**Work to complete:** Line count for "nets": give the number of lines in the records below that hold it, and nothing else.

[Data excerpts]
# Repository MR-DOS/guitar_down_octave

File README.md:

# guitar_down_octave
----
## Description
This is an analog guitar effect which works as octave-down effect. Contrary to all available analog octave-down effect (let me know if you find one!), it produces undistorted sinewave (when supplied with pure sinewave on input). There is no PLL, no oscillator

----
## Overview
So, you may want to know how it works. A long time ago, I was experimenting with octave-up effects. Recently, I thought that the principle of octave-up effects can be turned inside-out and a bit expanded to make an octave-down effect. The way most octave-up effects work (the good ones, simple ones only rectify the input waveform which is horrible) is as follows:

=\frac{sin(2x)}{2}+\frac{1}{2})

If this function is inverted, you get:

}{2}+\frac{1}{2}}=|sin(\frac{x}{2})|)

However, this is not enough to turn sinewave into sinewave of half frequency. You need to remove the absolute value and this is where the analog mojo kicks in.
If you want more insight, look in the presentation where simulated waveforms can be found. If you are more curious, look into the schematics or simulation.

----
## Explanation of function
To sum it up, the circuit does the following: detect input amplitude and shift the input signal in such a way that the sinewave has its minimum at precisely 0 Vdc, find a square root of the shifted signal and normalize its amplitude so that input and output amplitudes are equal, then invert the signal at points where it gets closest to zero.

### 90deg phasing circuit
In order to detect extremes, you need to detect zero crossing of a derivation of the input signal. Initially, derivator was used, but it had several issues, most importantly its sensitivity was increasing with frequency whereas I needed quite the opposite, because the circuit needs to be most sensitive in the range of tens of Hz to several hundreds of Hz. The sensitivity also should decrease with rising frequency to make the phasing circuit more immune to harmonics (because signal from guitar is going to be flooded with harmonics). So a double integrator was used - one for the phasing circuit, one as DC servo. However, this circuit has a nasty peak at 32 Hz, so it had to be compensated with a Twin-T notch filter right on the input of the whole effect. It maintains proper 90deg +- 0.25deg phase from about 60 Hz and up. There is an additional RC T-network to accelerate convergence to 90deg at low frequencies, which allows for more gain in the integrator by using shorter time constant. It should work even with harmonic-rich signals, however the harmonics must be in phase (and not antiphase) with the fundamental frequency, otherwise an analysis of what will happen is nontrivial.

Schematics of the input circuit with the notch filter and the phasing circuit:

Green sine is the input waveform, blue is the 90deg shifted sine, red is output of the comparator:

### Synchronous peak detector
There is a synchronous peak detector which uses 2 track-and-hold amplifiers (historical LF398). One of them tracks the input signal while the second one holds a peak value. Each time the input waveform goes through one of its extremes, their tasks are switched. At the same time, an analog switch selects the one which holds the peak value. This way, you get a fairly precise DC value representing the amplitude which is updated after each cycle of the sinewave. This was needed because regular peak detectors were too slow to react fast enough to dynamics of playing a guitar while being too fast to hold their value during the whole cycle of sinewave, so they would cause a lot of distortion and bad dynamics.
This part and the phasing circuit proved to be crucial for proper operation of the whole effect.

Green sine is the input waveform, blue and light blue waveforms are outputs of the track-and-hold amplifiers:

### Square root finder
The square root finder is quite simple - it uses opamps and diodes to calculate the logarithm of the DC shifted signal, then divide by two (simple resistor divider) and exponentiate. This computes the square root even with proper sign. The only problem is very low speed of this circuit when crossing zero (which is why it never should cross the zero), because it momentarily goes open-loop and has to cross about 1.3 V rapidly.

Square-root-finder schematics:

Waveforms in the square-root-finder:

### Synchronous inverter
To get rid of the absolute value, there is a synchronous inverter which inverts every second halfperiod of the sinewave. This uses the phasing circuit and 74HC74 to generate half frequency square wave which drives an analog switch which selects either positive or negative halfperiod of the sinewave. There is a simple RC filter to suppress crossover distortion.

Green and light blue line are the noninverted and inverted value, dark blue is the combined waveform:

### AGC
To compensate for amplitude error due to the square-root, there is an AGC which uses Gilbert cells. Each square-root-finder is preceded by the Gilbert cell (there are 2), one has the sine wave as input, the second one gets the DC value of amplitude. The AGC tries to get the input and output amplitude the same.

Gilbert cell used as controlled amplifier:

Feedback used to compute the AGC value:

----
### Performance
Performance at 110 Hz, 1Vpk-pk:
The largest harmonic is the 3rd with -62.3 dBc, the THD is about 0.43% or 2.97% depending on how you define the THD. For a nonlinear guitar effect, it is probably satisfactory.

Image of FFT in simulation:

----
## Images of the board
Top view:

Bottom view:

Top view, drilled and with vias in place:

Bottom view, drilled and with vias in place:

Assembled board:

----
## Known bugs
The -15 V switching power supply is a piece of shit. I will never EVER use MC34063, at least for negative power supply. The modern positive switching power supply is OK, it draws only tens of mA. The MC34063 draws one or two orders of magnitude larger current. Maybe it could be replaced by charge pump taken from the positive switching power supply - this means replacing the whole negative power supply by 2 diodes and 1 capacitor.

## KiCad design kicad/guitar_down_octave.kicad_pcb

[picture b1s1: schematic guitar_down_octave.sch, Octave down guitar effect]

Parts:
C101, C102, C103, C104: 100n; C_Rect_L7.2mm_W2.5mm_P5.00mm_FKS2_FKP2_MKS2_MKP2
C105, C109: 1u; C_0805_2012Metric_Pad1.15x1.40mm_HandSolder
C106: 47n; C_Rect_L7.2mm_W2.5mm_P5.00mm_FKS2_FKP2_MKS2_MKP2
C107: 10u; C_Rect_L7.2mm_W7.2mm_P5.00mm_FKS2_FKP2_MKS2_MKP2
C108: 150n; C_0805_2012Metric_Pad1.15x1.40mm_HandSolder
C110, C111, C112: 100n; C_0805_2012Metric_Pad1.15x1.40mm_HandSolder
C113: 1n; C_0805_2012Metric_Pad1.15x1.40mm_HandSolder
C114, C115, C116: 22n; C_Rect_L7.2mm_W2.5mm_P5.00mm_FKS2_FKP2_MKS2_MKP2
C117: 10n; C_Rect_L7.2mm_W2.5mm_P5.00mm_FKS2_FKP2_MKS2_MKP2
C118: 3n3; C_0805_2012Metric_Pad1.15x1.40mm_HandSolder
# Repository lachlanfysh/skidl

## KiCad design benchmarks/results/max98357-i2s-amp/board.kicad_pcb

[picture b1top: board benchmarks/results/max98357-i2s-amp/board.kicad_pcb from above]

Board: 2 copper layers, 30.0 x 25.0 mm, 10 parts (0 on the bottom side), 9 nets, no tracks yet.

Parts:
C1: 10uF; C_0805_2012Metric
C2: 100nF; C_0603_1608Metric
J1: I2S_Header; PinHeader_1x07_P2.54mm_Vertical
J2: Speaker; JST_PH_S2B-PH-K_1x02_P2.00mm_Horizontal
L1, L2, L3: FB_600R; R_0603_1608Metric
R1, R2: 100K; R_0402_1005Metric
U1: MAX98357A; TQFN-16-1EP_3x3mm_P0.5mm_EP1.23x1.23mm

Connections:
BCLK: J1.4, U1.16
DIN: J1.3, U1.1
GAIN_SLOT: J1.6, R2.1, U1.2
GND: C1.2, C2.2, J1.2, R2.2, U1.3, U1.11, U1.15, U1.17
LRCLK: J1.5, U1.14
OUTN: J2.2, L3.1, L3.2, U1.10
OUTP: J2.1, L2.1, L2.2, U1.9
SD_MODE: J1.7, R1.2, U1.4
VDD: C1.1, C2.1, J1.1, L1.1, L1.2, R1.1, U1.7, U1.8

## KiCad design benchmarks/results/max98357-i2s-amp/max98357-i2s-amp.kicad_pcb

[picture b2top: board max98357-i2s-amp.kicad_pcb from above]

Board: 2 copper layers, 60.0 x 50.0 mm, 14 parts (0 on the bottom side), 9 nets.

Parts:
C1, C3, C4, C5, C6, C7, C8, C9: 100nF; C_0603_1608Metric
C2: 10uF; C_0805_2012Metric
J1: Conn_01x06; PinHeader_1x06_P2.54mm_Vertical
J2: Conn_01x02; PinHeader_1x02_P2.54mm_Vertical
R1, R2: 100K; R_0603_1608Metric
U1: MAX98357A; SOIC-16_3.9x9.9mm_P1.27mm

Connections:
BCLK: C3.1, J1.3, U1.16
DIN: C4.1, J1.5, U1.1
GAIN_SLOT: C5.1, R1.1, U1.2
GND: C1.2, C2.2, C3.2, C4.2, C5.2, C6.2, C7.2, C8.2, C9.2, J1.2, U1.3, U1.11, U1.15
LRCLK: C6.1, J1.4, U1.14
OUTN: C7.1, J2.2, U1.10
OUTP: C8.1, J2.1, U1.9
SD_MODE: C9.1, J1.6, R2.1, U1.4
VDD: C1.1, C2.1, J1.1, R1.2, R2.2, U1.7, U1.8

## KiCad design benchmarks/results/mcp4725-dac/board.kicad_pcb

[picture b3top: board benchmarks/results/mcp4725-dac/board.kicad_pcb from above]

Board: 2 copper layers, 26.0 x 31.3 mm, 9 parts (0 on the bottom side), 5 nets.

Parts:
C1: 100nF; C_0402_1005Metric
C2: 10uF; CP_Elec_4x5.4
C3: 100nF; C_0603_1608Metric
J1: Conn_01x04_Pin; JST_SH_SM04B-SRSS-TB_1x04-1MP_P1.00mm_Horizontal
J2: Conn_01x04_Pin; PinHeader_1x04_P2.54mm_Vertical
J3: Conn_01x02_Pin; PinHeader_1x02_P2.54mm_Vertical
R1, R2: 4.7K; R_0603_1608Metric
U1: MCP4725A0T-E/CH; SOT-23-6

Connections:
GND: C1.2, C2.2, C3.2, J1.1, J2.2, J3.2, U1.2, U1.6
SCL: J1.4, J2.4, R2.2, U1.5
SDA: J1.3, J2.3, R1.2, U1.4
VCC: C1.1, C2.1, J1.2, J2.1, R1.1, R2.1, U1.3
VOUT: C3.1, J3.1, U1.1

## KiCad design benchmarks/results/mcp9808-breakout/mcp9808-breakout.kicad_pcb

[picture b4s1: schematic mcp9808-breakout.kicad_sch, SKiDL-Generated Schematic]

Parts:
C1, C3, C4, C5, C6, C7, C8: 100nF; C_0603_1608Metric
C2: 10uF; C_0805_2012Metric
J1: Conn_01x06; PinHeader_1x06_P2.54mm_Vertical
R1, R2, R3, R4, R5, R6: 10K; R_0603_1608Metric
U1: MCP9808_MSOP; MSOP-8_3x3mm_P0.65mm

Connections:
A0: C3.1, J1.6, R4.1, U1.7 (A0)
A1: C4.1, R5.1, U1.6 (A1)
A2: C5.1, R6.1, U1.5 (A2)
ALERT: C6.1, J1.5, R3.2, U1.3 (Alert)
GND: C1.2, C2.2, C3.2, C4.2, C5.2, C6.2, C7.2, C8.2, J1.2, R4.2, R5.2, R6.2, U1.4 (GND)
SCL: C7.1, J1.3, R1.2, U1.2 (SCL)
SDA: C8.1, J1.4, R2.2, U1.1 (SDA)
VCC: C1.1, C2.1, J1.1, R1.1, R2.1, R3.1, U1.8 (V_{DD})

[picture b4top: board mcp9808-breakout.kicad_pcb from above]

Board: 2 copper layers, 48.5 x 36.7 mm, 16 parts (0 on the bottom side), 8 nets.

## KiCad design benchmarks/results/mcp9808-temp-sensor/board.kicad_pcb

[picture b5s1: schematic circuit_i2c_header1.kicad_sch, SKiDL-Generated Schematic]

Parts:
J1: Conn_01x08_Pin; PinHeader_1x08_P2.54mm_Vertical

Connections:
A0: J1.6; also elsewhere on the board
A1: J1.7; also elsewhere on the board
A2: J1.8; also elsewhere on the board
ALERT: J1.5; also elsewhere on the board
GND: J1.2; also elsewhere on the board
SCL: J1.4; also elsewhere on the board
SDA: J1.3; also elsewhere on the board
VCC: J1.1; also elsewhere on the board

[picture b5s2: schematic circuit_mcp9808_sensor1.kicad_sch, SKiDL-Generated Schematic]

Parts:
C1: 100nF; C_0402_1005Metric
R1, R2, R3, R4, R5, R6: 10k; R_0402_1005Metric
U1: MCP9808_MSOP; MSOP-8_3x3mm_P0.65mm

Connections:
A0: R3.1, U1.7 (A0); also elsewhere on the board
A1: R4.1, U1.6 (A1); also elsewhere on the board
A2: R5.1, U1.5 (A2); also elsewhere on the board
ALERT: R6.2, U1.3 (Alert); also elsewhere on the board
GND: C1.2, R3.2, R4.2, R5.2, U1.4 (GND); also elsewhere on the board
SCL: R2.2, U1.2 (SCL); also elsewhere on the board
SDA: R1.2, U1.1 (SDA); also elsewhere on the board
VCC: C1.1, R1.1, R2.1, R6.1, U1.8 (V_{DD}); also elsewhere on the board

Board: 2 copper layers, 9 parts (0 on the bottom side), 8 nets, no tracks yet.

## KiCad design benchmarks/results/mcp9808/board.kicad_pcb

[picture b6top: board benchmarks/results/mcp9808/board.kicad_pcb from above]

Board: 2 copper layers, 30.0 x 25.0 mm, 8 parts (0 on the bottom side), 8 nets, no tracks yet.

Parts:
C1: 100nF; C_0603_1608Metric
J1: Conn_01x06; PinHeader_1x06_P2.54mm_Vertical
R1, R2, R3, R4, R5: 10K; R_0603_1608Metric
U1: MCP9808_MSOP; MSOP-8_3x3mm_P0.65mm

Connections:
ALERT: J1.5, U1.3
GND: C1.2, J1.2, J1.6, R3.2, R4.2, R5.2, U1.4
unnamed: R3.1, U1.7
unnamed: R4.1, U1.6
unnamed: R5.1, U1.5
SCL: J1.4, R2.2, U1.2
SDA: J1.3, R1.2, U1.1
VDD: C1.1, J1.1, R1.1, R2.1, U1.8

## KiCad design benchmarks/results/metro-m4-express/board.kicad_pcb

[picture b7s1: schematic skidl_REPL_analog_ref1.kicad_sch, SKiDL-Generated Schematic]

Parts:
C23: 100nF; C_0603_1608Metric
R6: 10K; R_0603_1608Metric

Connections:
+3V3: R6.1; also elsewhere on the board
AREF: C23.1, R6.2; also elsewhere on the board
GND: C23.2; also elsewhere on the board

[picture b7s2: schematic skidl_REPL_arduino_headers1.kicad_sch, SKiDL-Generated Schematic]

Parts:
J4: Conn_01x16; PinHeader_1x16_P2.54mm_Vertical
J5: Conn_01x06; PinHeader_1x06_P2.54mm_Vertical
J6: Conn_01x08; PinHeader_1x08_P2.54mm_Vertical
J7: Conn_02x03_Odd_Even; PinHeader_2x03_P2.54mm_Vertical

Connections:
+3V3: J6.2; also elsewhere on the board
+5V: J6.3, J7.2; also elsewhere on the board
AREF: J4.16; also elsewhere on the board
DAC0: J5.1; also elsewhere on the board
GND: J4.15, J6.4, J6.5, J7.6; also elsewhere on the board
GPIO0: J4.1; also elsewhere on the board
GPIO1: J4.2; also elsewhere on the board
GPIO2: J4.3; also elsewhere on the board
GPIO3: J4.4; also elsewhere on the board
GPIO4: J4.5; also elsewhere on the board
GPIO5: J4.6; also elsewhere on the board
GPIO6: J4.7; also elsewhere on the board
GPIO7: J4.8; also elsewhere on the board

**Answer for the task:** 6